REQUIRED ACTION: From the data below, please reproduce exactly everything from the line that contains "# Drawn here: x" down to the line that contains "doc.units = 0", with both ends included.
+ + + + +
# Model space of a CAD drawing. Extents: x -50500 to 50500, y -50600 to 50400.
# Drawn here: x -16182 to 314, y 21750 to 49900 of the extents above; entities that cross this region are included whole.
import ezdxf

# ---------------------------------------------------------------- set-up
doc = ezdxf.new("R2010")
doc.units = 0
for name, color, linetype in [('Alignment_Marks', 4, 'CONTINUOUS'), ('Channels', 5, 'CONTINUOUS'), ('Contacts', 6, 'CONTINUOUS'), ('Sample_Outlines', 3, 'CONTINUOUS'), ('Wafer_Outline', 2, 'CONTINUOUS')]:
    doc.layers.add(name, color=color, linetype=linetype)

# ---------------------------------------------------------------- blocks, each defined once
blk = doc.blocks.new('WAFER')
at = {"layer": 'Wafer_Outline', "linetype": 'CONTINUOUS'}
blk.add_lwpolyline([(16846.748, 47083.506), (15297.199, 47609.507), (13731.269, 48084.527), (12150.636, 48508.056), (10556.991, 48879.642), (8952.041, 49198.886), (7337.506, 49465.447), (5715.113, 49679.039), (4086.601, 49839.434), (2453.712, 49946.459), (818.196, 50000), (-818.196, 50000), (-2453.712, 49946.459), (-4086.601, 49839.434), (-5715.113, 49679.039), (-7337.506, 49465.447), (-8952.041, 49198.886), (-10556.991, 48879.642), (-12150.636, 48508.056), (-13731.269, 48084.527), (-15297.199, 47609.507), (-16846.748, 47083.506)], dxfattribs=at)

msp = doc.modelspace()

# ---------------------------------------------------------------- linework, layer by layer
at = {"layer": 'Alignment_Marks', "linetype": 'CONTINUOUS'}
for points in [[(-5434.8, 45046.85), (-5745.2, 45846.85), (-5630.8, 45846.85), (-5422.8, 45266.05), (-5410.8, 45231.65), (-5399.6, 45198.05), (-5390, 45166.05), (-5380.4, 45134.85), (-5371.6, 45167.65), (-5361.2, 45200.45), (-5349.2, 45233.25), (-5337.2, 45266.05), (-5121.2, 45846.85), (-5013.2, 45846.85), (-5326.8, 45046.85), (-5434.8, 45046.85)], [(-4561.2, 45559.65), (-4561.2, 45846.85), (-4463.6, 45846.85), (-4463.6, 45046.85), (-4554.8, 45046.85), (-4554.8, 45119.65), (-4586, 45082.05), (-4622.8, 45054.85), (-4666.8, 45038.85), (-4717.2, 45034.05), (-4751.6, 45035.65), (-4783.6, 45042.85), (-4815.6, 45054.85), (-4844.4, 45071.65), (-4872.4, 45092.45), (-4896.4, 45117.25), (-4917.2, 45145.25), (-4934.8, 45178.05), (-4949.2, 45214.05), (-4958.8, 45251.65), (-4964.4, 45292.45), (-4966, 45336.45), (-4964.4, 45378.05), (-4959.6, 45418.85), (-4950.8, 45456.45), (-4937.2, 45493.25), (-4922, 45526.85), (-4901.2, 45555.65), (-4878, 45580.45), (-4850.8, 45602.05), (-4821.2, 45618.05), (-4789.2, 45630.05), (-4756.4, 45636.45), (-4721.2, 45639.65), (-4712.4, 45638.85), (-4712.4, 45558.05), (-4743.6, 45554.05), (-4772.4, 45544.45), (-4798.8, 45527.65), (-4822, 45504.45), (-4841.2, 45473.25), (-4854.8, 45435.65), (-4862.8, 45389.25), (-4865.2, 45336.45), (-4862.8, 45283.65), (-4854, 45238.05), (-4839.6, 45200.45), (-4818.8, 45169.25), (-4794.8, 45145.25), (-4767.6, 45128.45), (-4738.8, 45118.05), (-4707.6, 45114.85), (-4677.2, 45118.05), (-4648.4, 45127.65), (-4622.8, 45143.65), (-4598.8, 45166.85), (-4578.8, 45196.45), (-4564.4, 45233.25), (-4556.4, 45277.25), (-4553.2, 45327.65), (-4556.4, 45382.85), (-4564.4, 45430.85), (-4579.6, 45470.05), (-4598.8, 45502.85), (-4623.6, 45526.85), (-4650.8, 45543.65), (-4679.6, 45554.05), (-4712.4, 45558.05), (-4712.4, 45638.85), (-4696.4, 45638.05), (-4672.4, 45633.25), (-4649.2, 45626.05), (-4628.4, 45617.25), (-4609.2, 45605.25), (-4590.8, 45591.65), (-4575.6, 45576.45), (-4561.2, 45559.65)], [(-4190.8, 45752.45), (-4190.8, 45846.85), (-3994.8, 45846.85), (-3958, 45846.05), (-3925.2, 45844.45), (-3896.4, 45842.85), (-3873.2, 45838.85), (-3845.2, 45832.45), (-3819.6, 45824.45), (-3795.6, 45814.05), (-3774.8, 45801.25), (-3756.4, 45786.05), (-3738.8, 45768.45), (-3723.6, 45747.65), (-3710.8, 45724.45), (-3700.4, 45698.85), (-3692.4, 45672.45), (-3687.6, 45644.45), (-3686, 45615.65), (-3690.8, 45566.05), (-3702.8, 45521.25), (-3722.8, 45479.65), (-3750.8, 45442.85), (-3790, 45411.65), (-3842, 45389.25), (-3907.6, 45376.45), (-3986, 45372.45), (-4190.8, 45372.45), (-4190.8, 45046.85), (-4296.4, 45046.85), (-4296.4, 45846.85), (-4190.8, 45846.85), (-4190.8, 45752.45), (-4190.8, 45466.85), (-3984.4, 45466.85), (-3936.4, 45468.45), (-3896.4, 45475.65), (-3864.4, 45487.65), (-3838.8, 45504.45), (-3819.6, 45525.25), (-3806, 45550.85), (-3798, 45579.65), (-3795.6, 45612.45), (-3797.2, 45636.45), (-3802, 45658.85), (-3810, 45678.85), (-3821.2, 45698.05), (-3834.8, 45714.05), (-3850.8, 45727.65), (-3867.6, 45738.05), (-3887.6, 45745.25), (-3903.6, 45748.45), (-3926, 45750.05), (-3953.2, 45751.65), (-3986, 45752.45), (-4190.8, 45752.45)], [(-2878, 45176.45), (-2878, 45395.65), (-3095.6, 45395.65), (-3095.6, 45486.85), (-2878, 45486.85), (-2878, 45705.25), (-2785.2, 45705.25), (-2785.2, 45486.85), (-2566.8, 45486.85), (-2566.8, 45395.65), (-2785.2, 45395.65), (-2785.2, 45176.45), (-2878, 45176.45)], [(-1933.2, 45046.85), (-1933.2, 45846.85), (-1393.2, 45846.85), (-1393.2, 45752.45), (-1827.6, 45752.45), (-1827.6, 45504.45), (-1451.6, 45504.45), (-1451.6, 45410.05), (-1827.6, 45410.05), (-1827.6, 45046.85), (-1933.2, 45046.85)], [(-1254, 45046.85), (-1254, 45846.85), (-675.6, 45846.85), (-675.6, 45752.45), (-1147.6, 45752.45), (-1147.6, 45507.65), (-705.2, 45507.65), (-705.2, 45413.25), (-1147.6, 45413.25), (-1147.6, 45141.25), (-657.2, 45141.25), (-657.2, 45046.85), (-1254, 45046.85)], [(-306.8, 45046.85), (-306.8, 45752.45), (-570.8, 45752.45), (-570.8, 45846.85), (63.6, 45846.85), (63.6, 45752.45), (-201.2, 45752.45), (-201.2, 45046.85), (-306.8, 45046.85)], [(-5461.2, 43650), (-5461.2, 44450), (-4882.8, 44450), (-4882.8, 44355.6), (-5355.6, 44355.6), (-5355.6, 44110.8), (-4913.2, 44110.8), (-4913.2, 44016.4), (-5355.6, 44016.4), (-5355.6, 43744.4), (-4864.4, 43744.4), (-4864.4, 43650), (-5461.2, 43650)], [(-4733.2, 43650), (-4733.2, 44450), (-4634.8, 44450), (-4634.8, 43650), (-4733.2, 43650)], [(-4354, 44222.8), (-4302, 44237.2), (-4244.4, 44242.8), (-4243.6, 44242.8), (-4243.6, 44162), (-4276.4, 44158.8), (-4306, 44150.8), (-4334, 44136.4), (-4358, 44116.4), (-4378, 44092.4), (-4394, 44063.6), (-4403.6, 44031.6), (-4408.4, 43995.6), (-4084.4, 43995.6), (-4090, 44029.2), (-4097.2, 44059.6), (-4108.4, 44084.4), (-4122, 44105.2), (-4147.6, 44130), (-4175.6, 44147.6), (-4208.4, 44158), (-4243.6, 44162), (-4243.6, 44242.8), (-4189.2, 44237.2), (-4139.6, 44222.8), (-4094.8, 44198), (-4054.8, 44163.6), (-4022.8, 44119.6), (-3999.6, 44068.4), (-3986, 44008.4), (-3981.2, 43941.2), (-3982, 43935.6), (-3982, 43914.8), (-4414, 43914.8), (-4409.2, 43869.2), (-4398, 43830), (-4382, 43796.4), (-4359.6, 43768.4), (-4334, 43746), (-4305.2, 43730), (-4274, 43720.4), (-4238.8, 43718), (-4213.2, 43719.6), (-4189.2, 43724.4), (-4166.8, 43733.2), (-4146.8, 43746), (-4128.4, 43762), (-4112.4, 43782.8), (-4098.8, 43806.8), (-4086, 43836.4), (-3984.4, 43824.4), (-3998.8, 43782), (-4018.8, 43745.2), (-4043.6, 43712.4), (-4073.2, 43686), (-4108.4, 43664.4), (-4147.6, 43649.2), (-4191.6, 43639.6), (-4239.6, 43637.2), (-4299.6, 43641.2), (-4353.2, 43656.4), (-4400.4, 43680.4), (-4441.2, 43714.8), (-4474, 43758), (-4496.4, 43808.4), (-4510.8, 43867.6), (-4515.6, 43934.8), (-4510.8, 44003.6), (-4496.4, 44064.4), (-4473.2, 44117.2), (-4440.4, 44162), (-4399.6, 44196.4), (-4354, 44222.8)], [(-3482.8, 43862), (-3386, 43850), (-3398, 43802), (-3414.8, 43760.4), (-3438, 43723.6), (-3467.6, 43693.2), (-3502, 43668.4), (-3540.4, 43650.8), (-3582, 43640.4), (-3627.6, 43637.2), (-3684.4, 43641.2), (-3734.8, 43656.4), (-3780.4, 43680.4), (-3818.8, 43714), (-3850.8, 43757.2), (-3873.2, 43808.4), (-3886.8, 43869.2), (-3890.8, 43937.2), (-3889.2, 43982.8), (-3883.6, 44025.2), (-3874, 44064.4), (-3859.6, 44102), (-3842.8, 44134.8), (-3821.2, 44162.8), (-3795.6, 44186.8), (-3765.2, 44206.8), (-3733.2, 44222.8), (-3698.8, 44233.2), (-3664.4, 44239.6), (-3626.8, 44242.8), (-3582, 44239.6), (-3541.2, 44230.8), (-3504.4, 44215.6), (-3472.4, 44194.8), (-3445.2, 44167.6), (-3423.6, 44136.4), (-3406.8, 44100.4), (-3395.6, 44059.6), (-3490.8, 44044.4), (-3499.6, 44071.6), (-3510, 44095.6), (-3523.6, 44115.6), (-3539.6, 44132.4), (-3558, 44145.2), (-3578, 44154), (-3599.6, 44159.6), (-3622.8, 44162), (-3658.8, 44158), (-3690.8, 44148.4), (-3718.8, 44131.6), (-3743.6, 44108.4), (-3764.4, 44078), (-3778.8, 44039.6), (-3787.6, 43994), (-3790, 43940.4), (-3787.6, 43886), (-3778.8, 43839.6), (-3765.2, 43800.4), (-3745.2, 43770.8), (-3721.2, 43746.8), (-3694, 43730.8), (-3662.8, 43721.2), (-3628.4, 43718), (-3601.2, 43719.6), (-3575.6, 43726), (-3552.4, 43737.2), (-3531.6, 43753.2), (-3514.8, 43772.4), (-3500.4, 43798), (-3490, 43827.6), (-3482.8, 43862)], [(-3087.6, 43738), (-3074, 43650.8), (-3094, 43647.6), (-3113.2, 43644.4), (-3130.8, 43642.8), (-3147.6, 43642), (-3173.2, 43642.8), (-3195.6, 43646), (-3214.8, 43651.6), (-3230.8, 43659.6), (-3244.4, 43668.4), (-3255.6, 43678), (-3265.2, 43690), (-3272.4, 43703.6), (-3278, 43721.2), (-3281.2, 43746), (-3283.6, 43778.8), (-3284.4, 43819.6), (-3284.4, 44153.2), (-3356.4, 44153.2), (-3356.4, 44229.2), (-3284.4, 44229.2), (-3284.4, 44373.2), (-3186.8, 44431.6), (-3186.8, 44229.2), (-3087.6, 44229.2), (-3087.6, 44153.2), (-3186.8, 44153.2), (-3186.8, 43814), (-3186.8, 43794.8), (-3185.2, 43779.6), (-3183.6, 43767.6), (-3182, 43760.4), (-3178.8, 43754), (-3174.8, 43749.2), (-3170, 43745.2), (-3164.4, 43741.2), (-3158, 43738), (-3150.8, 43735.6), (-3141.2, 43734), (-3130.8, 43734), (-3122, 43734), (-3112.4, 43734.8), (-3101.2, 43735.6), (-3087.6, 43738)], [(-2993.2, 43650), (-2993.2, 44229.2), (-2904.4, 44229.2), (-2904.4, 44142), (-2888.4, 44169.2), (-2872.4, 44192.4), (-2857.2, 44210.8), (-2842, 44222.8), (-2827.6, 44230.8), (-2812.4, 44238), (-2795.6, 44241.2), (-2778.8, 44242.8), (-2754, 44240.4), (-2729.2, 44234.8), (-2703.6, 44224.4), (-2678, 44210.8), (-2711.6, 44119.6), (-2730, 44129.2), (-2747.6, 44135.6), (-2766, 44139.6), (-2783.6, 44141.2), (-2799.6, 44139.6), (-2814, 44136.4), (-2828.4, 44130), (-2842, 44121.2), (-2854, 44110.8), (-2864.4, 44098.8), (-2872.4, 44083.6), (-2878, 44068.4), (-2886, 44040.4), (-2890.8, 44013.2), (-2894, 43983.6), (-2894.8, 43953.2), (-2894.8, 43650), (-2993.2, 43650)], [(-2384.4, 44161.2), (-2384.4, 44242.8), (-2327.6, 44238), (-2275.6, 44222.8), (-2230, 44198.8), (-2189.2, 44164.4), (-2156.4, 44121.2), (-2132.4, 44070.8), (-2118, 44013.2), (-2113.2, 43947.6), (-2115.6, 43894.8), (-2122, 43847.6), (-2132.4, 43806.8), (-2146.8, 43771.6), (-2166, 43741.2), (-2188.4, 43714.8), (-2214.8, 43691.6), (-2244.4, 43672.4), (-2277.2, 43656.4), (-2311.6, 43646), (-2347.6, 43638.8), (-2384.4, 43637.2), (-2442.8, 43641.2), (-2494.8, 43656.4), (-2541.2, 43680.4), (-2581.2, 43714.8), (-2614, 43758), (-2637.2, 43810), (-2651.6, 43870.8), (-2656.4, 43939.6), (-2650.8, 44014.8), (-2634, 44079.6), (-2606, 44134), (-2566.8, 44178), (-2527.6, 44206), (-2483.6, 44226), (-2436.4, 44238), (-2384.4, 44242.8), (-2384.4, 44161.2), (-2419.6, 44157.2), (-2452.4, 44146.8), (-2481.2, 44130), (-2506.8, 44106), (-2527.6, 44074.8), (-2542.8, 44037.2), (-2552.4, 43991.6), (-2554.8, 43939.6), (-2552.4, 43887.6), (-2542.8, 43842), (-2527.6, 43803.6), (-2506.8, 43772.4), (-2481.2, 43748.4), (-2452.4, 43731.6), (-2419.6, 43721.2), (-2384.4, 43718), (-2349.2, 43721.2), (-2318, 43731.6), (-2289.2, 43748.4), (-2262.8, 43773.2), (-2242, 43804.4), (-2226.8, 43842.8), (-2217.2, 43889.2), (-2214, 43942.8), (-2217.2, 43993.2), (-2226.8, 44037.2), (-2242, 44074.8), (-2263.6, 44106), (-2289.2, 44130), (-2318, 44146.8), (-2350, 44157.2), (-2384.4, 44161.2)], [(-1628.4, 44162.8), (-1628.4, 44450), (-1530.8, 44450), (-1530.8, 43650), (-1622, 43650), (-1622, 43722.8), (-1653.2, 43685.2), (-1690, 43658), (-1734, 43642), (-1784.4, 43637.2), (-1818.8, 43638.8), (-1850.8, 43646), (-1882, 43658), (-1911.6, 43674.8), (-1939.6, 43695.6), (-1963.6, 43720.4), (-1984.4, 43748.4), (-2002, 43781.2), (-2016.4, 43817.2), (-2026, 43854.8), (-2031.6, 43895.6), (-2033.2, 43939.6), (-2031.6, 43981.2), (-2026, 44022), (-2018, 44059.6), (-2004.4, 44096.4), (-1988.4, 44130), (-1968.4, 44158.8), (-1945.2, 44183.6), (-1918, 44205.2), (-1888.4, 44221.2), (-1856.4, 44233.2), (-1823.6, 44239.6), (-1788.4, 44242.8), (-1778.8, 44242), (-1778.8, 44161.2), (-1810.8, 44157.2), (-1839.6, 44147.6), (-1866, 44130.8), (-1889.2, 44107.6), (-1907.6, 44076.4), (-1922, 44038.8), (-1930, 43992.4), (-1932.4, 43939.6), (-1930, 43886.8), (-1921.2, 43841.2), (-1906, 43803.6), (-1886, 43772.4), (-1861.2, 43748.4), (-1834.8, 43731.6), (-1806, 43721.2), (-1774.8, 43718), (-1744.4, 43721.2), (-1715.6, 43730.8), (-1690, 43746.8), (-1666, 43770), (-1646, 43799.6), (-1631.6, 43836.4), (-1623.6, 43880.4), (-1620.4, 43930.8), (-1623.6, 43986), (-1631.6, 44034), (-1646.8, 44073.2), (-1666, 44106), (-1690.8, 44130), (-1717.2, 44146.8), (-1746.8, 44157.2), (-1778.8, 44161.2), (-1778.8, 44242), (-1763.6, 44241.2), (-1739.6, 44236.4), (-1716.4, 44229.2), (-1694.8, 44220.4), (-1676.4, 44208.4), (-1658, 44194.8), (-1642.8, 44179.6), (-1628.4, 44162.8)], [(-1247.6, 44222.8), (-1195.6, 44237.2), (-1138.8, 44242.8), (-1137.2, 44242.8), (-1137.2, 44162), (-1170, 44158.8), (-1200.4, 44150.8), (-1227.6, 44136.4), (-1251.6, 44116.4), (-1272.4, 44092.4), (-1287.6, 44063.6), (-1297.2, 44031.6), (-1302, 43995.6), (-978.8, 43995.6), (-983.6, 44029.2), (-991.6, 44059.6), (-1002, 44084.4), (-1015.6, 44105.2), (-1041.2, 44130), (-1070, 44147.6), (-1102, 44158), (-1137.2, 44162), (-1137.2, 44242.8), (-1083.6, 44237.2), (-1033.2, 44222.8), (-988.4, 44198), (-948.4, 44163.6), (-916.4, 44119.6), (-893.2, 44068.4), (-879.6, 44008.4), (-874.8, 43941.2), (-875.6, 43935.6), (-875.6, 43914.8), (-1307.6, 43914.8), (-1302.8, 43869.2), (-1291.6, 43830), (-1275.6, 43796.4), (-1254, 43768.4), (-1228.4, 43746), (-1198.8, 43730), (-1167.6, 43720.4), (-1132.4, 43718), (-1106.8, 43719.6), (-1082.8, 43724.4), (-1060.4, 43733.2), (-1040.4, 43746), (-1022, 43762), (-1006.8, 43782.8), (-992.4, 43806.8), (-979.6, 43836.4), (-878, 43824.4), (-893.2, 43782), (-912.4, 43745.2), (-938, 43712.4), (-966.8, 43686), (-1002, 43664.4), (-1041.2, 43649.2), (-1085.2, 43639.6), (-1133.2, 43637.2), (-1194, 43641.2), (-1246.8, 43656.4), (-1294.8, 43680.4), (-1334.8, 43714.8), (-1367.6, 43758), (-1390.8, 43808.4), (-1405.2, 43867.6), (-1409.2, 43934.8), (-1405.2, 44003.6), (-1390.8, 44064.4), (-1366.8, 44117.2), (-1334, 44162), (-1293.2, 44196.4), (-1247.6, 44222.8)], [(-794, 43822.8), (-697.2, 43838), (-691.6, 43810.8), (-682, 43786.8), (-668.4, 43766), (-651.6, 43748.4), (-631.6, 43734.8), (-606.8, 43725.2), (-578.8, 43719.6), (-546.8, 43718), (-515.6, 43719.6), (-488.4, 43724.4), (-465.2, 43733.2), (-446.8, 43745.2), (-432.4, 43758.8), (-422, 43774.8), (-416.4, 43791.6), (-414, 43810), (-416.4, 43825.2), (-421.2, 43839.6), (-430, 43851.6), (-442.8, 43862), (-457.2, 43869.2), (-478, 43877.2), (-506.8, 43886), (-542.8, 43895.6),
+ + + + +
EXERCISE OUTPUT:
# Drawn here: x -16182 to 314, y 21750 to 49900 of the extents above; entities that cross this region are included whole.
import ezdxf

# ---------------------------------------------------------------- set-up
doc = ezdxf.new("R2010")
doc.units = 0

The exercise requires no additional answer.